1998–2005: The Devil Rays and early struggles
The Devil Rays played their first game on March 31, 1998, against the Detroit Tigers at Tropicana Field, before an opening day crowd of 45,369. Wilson Álvarez threw the first pitch and Wade Boggs hit the team's first home run, though the Devil Rays ended up losing 11–6. The next day, the Devil Rays won their first victory, defeating Detroit 11–8, thanks to rookie pitcher (and future All-Star) Rolando Arrojo. Despite briefly being over .500 in their first 19 games (a first for an expansion team in their inaugural season), the team would go on to lose 99 that year, ending with the second-worst record in the league (just above their neighbors, the Marlins, who lost 108).

The Devil Rays continued to struggle in their next few seasons, with many of their veteran players, including the "Hit Show" of sluggers (McGriff, Vinny Castilla, Jose Canseco and Greg Vaughn), being past their prime—though Wade Boggs would mark his 3000th career hit, a home run, against the Cleveland Indians on August 7, 1999. Having led the Devil Rays through two last-place, 69-wins seasons in 1999 and 2000, Rothschild was fired partway through the 2001 season and replaced by Hal McRae. Despite the change, the team continued to decline, and the 2002 season would lead to a franchise-worst 55–106 record, despite the emergence of key players like Aubrey Huff, Toby Hall, and Carl Crawford. McRae was moved to a front office position after the season.

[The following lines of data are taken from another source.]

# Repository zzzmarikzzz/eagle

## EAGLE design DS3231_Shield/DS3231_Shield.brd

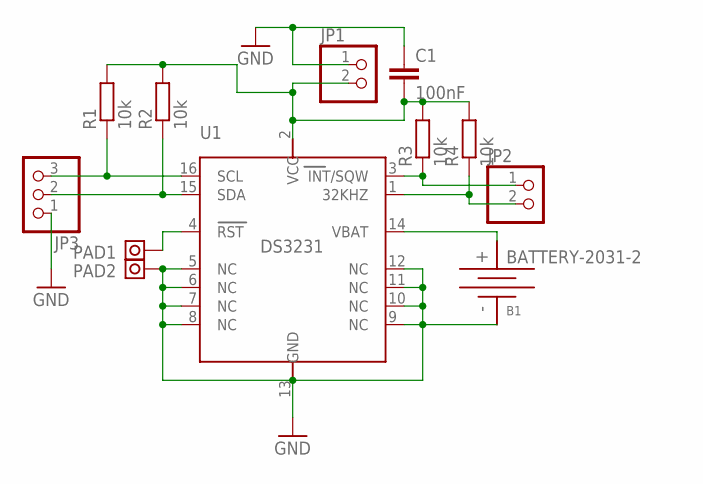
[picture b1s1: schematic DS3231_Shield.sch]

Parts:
B1: BATTERY-2031-2; BTH2032-2
C1: 100nF; C0805
JP1, JP2: PINHD-1X2; 1X02
JP3: PINHD-1X3; 1X03
PAD1, PAD2: PAD
R1, R2, R3, R4: 10k; R0805
U1: DS3231; SO16L

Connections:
GND: B1.-, C1.1, JP1.1, JP3.1, PAD2.P$1, U1.5 (NC), U1.6 (NC), U1.7 (NC), U1.8 (NC), U1.9 (NC), U1.10 (NC), U1.11 (NC), U1.12 (NC), U1.13 (GND)
unnamed: C1.2, JP1.2, R1.2, R2.2, R3.2, R4.2, U1.2 (VCC)
unnamed: B1.+, U1.14 (VBAT)
unnamed: PAD1.P$1, U1.4 (RST)
unnamed: JP3.2, R2.1, U1.15 (SDA)
unnamed: JP3.3, R1.1, U1.16 (SCL)
unnamed: JP2.1, R3.1, U1.3 (INT/SQW)
unnamed: JP2.2, R4.1, U1.1 (32KHZ)

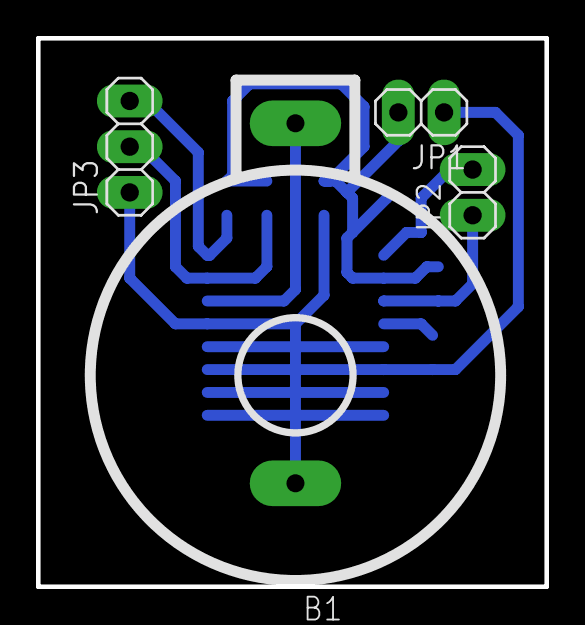
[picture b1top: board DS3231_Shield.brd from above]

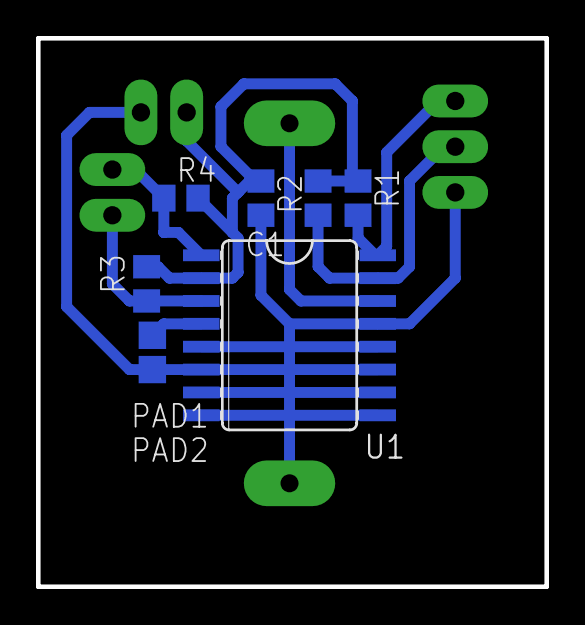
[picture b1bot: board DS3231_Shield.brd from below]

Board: 2 copper layers, 28.2 x 30.5 mm, 12 parts (8 on the bottom side), 8 nets.

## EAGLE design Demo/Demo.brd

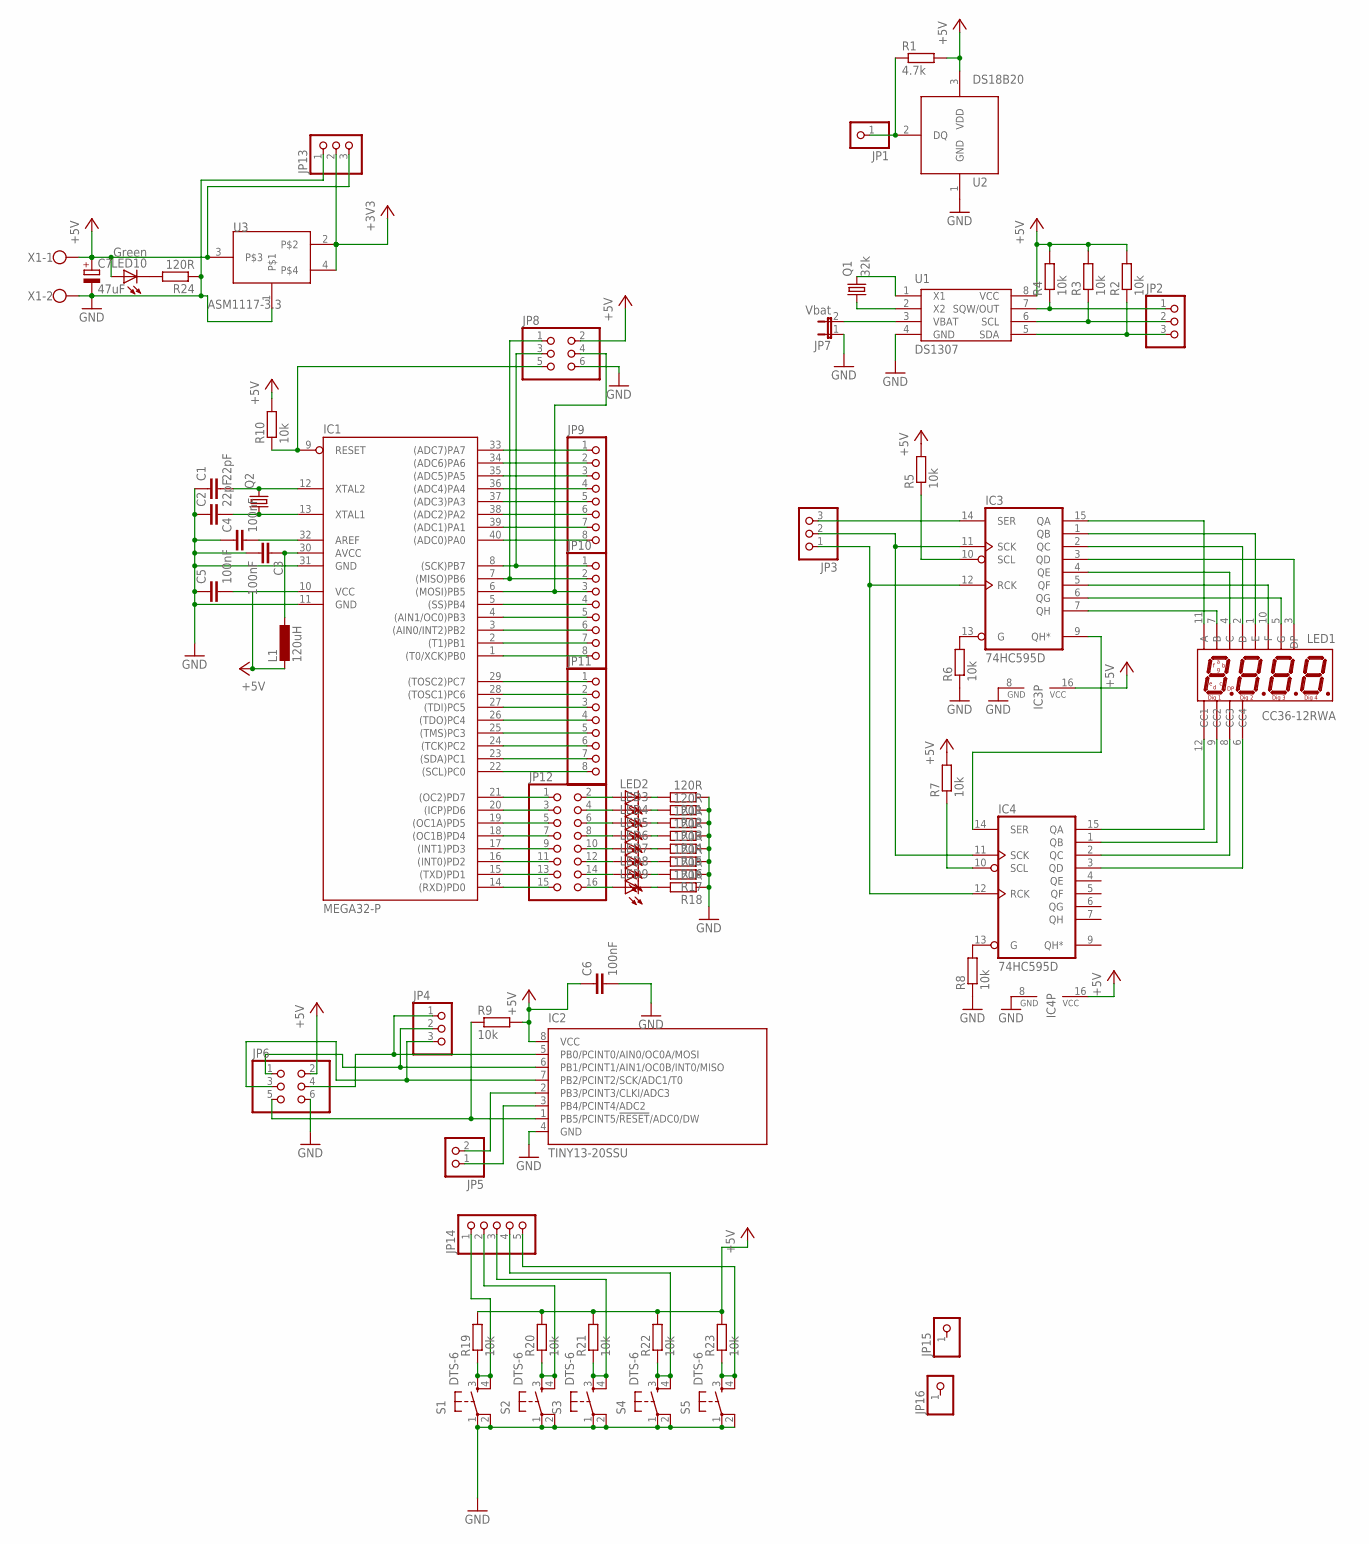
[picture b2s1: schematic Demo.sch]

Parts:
C1, C2: 22pF; C0805
C3, C4, C5, C6: 100nF; C0805
C7: 47uF; E2-5
IC1: MEGA32-P; DIL40
IC2: TINY13-20SSU; 8S1
IC3, IC4: 74HC595D; SO16
JP1, JP15, JP16: PINHD-1X1; 1X01
JP2, JP3, JP4, JP13: PINHD-1X3; 1X03
JP5: PINHD-1X2; 1X02
JP6, JP8: PINHD-2X3; 2X03
JP7: Vbat; JP1
JP9, JP10, JP11: PINHD-1X8; 1X08
JP12: PINHD-2X8; 2X08
JP14: PINHD-1X5; 1X05
L1: 120uH; 0204V
LED1: CC36-12RWA; 7SEG_4DIG
LED2, LED3, LED4, LED5, LED6, LED7, LED8, LED9: LEDSML0603; SML0603
LED10: Green; SML0603
Q1: 32k; TC38H
Q2: CRYSTALHC49S; HC49/S
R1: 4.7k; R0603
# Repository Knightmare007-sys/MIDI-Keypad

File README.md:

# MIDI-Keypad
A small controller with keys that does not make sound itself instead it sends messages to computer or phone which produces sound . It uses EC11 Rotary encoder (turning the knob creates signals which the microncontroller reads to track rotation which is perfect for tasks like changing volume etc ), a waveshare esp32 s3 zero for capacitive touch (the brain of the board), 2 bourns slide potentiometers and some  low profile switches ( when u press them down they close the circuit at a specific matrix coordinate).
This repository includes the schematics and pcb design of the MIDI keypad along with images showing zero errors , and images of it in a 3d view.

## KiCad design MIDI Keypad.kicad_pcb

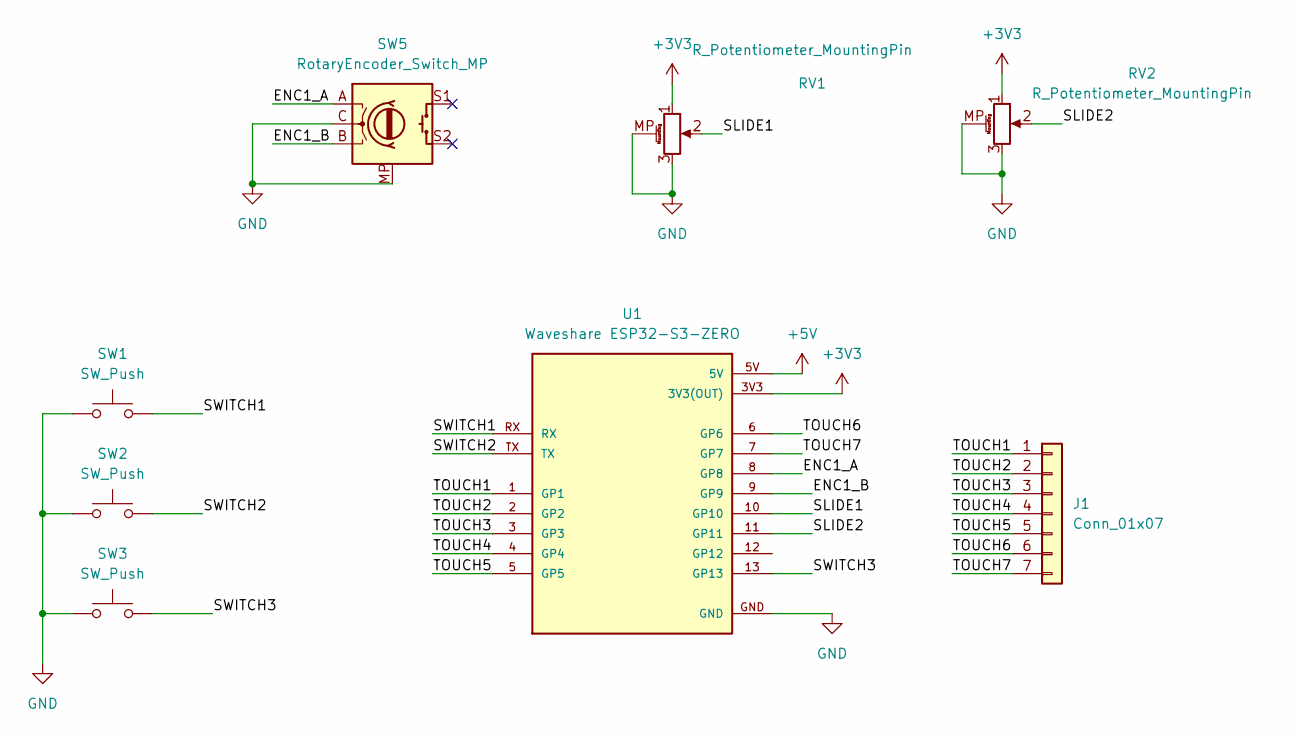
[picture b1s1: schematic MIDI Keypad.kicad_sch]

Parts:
J1: Conn_01x07; capacitative keys
RV1, RV2: R_Potentiometer_MountingPin; Potentiometer_Bourns_PTA1543_Single_Slide
SW1, SW2, SW3: SW_Push; Kailh Choc Low-Profile Switches
SW5: RotaryEncoder_Switch_MP; RotaryEncoder_Alps_EC11E-Switch_Vertical_H20mm
U1: Waveshare ESP32-S3-ZERO; Waveshare ESP32-S3-Zero; PARTREV NA

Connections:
+3V3: RV1.1, RV2.1, U1.3V3 (3V3(OUT))
+5V: U1.5V
/ENC1_A: SW5.A, U1.8 (GP8)
/ENC1_B: SW5.B, U1.9 (GP9)
/SLIDE1: RV1.2, U1.10 (GP10)
/SLIDE2: RV2.2, U1.11 (GP11)
/SWITCH1: SW1.2, U1.RX
/SWITCH2: SW2.2, U1.TX
/SWITCH3: SW3.2, U1.13 (GP13)
/TOUCH1: J1.1, U1.1 (GP1)
/TOUCH2: J1.2, U1.2 (GP2)
/TOUCH3: J1.3, U1.3 (GP3)
/TOUCH4: J1.4, U1.4 (GP4)
/TOUCH5: J1.5, U1.5 (GP5)
/TOUCH6: J1.6, U1.6 (GP6)
/TOUCH7: J1.7, U1.7 (GP7)
GND: RV1.3, RV1.MP (MountPin), RV2.3, RV2.MP (MountPin), SW1.1, SW2.1, SW3.1, SW5.C, SW5.MP, U1.GND

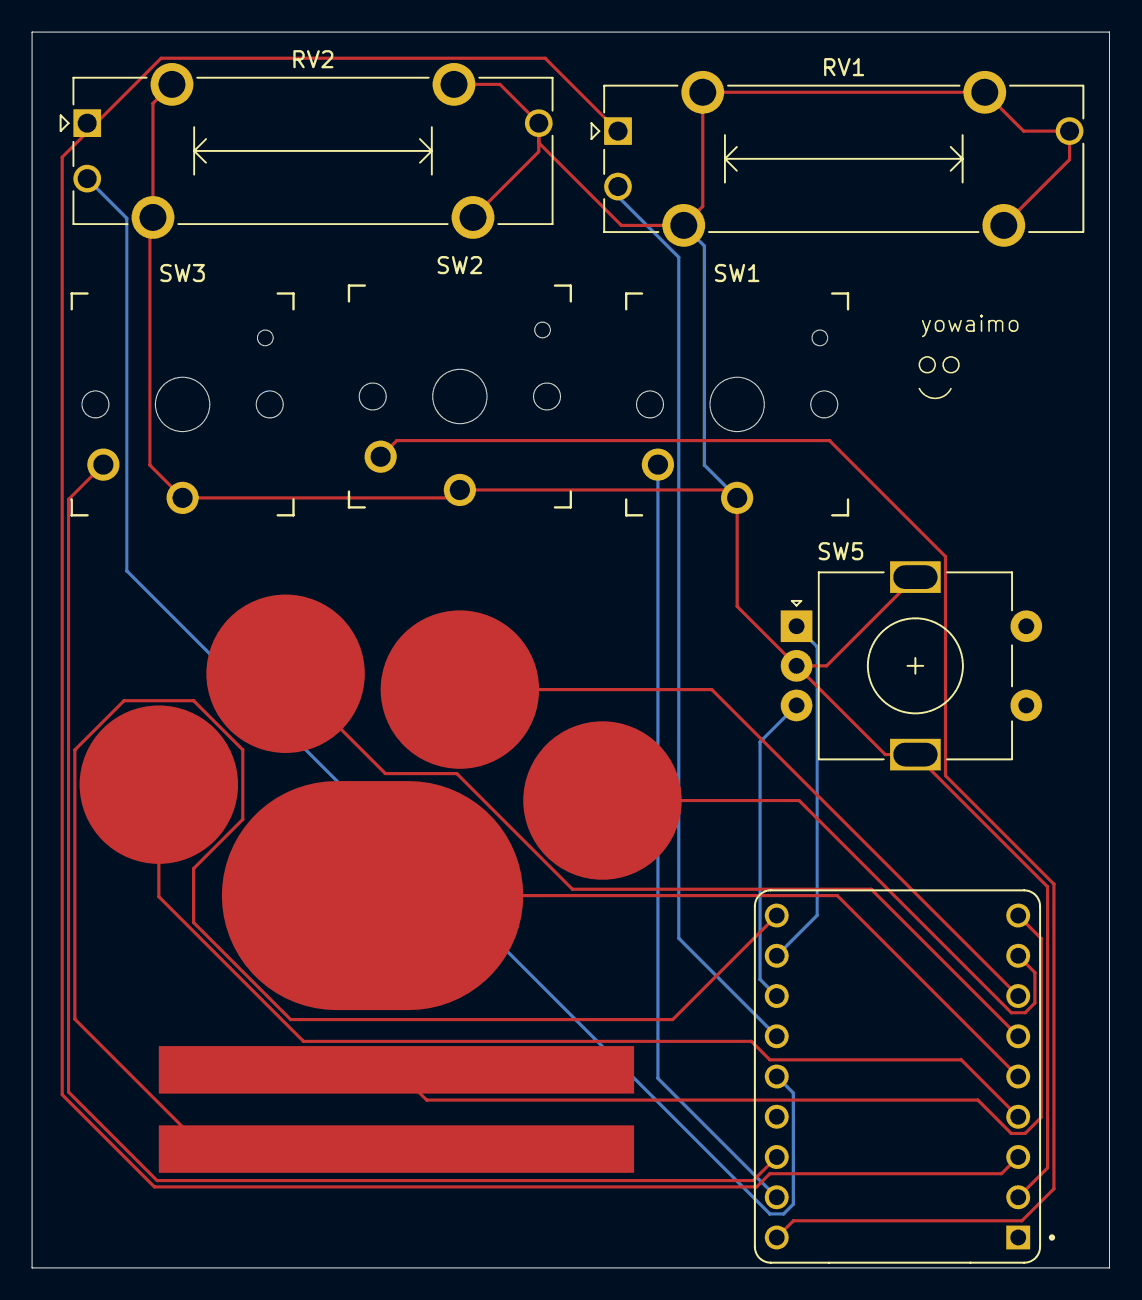
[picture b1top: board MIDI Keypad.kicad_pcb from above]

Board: 2 copper layers, 68.0 x 78.0 mm, 8 parts (0 on the bottom side), 16 nets.

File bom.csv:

Designator,Footprint,Quantity,Value,LCSC Part #
J1,capacitative keys,1,Conn_01x07,
"RV1, RV2",Potentiometer_Bourns_PTA1543_Single_Slide,2,R_Potentiometer_MountingPin,
"SW1, SW2, SW3",Kailh Choc Low-Profile Switches,3,SW_Push,
SW5,RotaryEncoder_Alps_EC11E-Switch_Vertical_H20mm,1,RotaryEncoder_Switch_MP,
U1,Waveshare ESP32-S3-Zero,1,Waveshare ESP32-S3-ZERO,

Lou Piniella, a Tampa native who had previously led the Reds to a World Series, replaced McRae as manager for the 2003 season, winning 63 games. The next year, Piniella's Devil Rays finished with a 70–91 record, just above the Toronto Blue Jays to claim in 4th in the American League East—the first time in franchise history the team was out of last place. Crawford established himself as a breakout star, leading the American League in triples (19) and, for the second year in a row, stolen bases (59). In the 2005 season, Crawford's production at the plate was matched by newcomers Jorge Cantú and Jonny Gomes, though the team was let down by its pitching staff (despite the arrival of Scott Kazmir) and finished 67–95.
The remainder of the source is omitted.